According to the Centers for Disease Control and Prevention (CDC), impaired vision can affect a child’s cognitive, emotional, neurologic and physical development by potentially limiting the range of experiences and kinds of information to which the child is exposed. And yet only one in three children in America has received eye care services before the age of six.
“A professional eye examination is, without a doubt, the gold standard of eye care, and should always be encouraged” said Hugh R. Parry, president and CEO of Prevent Blindness America. “Yet vision screenings are an essential element of a strong public health approach to children’s vision care, facilitating the early identification of vision and eye problems and linkage to appropriate care. It is critically important that all children, regardless of financial resources or barriers to care, are able to obtain sight-saving services.”
To support the development of a public health infrastructure to promote and ensure a comprehensive, multi-tiered continuum of vision and eye health care for young children, Prevent Blindness America recently established the National Center for Children’s Vision and Eye Health, with support from the Maternal and Child Health Bureau at the Health Resources and Services Administration of the U.S. Department of Health and Human Services.

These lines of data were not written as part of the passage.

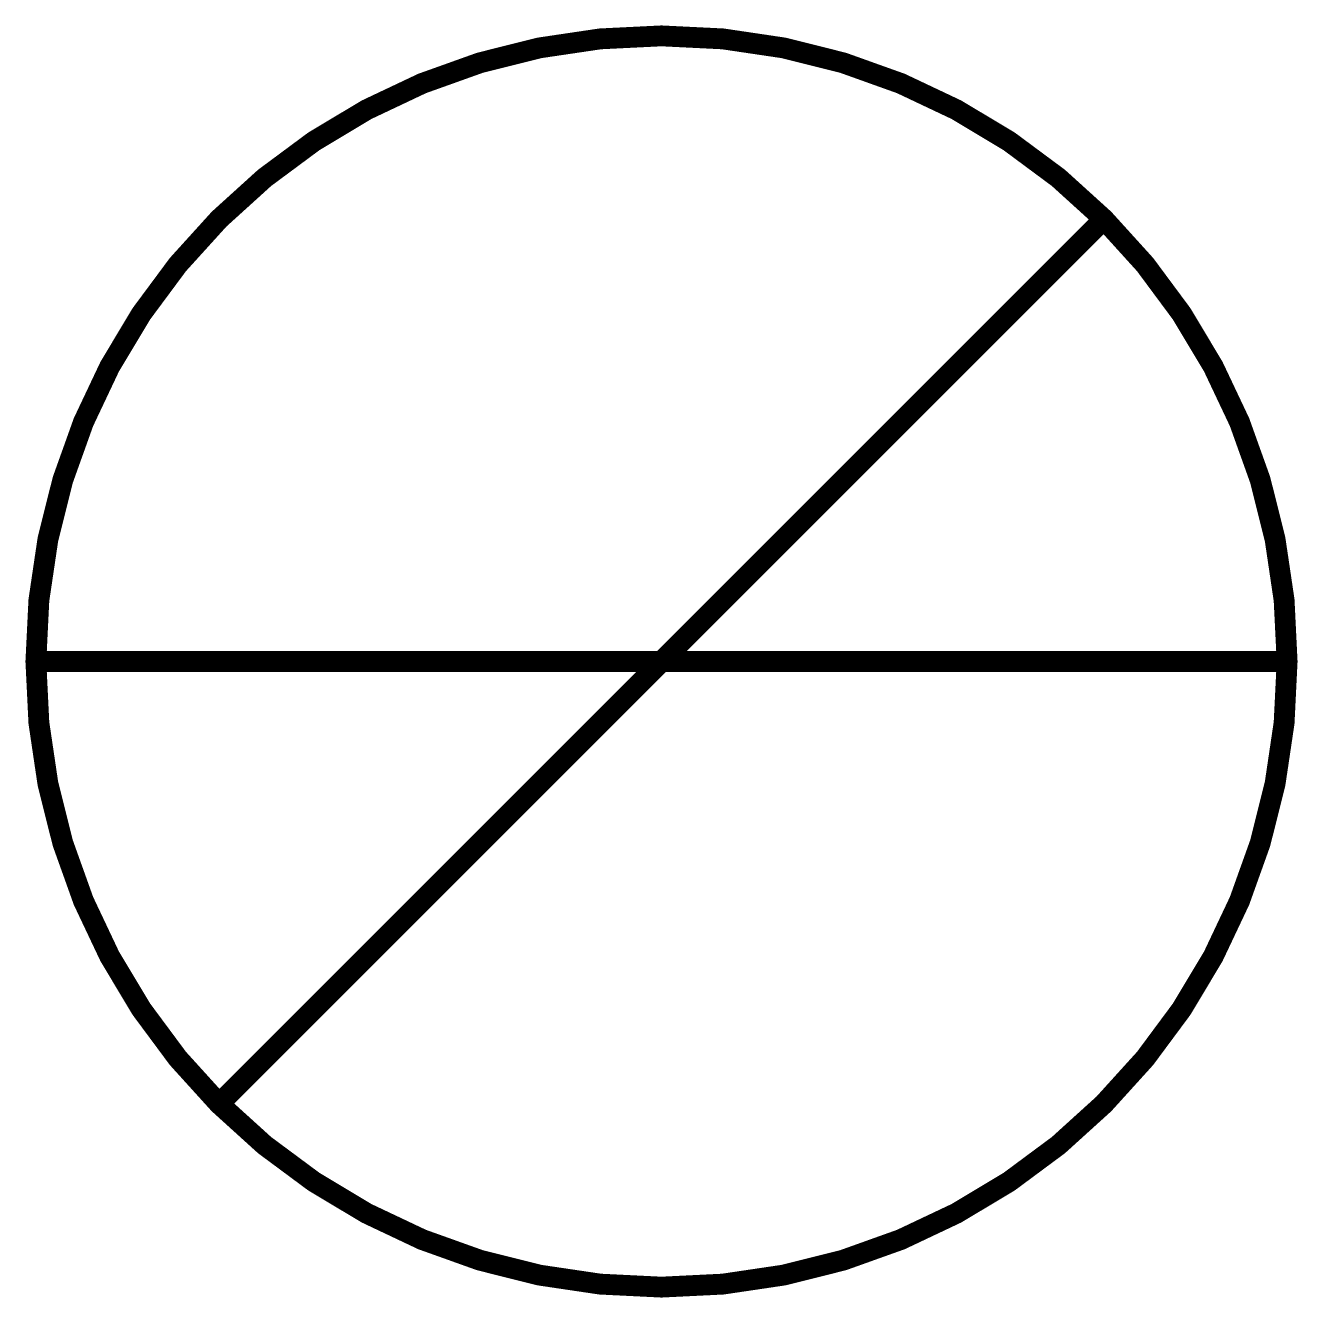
# Model space of a CAD drawing. Extents: x -3.05 to 3.05, y -3.05 to 3.05.
import ezdxf

# ---------------------------------------------------------------- set-up
doc = ezdxf.new("R2010")
doc.units = 0
doc.header["$MEASUREMENT"] = 0
doc.layers.get('0').update_dxf_attribs({"linetype": 'CONTINUOUS'})

msp = doc.modelspace()

# ---------------------------------------------------------------- linework, layer by layer
at = {"const_width": 0.1}
msp.add_lwpolyline([(-3, 0, 1), (3, 0, 1)], format="xyb", close=True, dxfattribs=at)
for points in [[(-2.1213, -2.1213), (2.1213, 2.1213)], [(-3, 0), (3, 0)]]:
    msp.add_lwpolyline(points, dxfattribs=at)

doc.saveas('drawing.dxf')
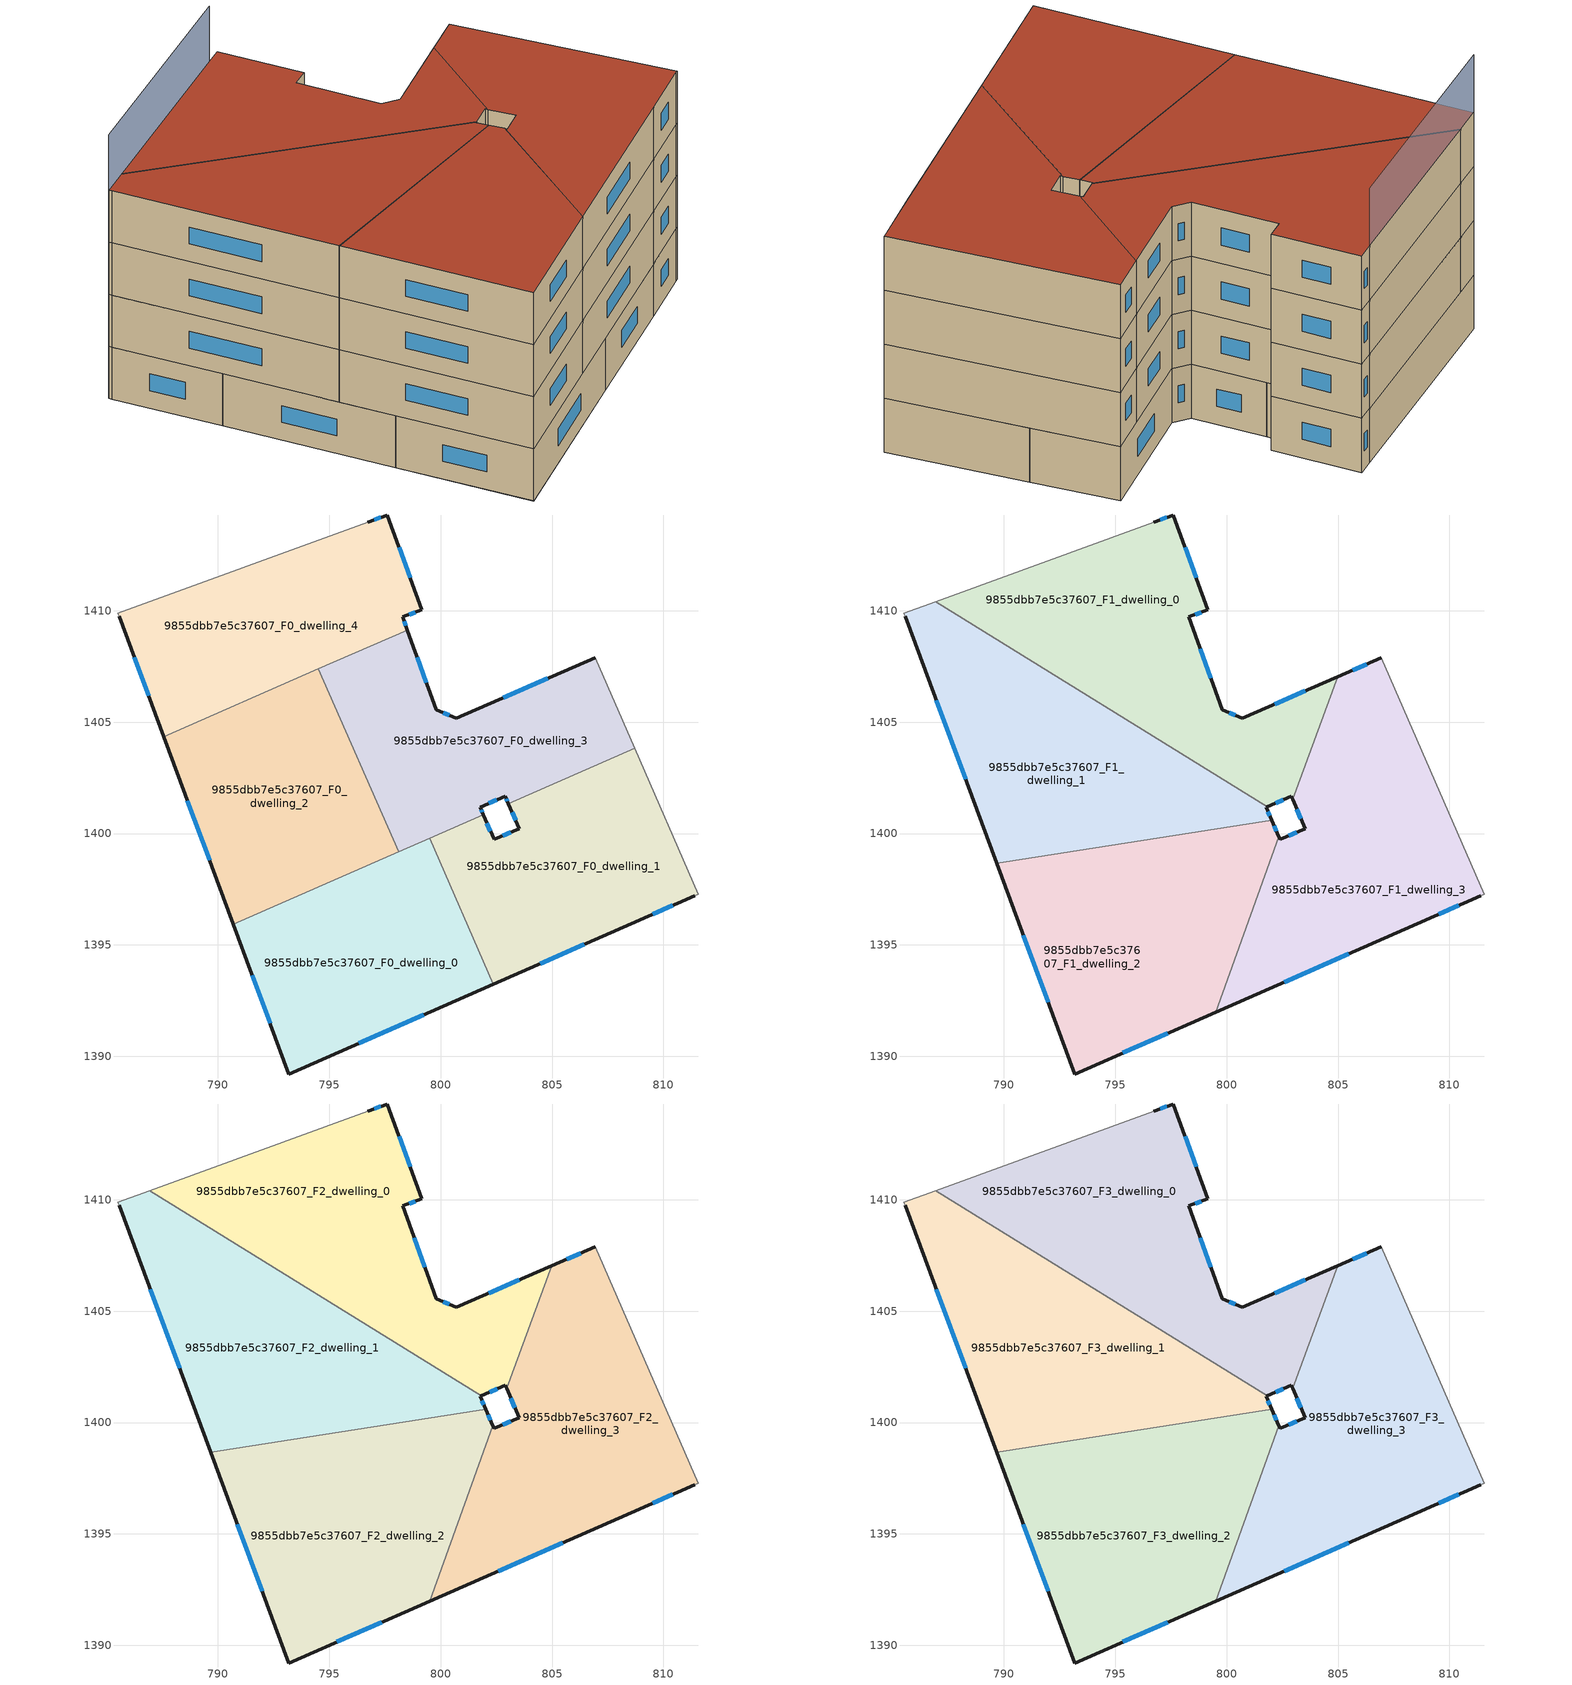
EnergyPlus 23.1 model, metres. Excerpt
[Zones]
9855dbb7e5c37607_F0_dwelling_0
 floor ground (EU_floor_Construction): 798.11,1399.18 802.37,1393.24 793.19,1389.21 790.69,1395.93 z0; 799.5,1399.79 802.37,1393.24 798.11,1399.18 z0
 wall outside (EU_wall_Construction): 790.69,1395.93 793.19,1389.21 802.37,1393.24 z0:3
 wall to 9855dbb7e5c37607_F0_dwelling_1 (EU_wall_Construction): 802.37,1393.24 799.5,1399.79 z0:3
 wall to 9855dbb7e5c37607_F0_dwelling_2 (EU_wall_Construction): 798.11,1399.18 790.69,1395.93 z0:3
 wall to 9855dbb7e5c37607_F0_dwelling_3 (EU_wall_Construction): 799.5,1399.79 798.11,1399.18 z0:3
 window (EU_Window_Construction): 796.31,1390.58 799.25,1391.87 / 791.54,1393.64 792.34,1391.49 z1.02:1.98
9855dbb7e5c37607_F0_dwelling_1
 floor ground (EU_floor_Construction): 808.71,1403.83 811.56,1397.28 811.4,1397.21 808.55,1395.95 802.37,1393.24 799.5,1399.79 801.92,1400.85 802.4,1399.74 803.53,1400.22 803.04,1401.34 z0
 wall outside (EU_wall_Construction): 803.04,1401.34 803.53,1400.22 802.4,1399.74 801.92,1400.85 / 802.37,1393.24 808.55,1395.95 811.4,1397.21 z0:3
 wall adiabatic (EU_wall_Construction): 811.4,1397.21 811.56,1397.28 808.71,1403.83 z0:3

As part of its continued commitment to children’s vision health, in 2010, Prevent Blindness America released “Our Vision for Children’s Vision: A National Call to Action for the Advancement of Children’s Vision and Eye Health.” In collaboration with its volunteer committees consisting of leading optometrists, ophthalmologists, and distinguished medical and public health professionals, the platform provides a detailed strategy to help protect children’s sight by creating a framework which brings key stakeholder organizations and individuals together to make children’s vision health a national priority. The platform has six diverse planks including:
Professional Vision Care;
Vision Screening: A Common Approach and Understanding;
School Readiness and Vision;
Children’s Eye Safety;
Public Awareness and Understanding of Children’s Vision and Eye Health; and
Pediatric Vision and Eye Health Research.
“More than 100 years ago, our organization was founded to address unnecessary blindness and vision loss in children,” added Parry. “Today, we continue that mission by working to provide all children with the care they need to be successful in school as well as to enjoy a lifetime of healthy vision.”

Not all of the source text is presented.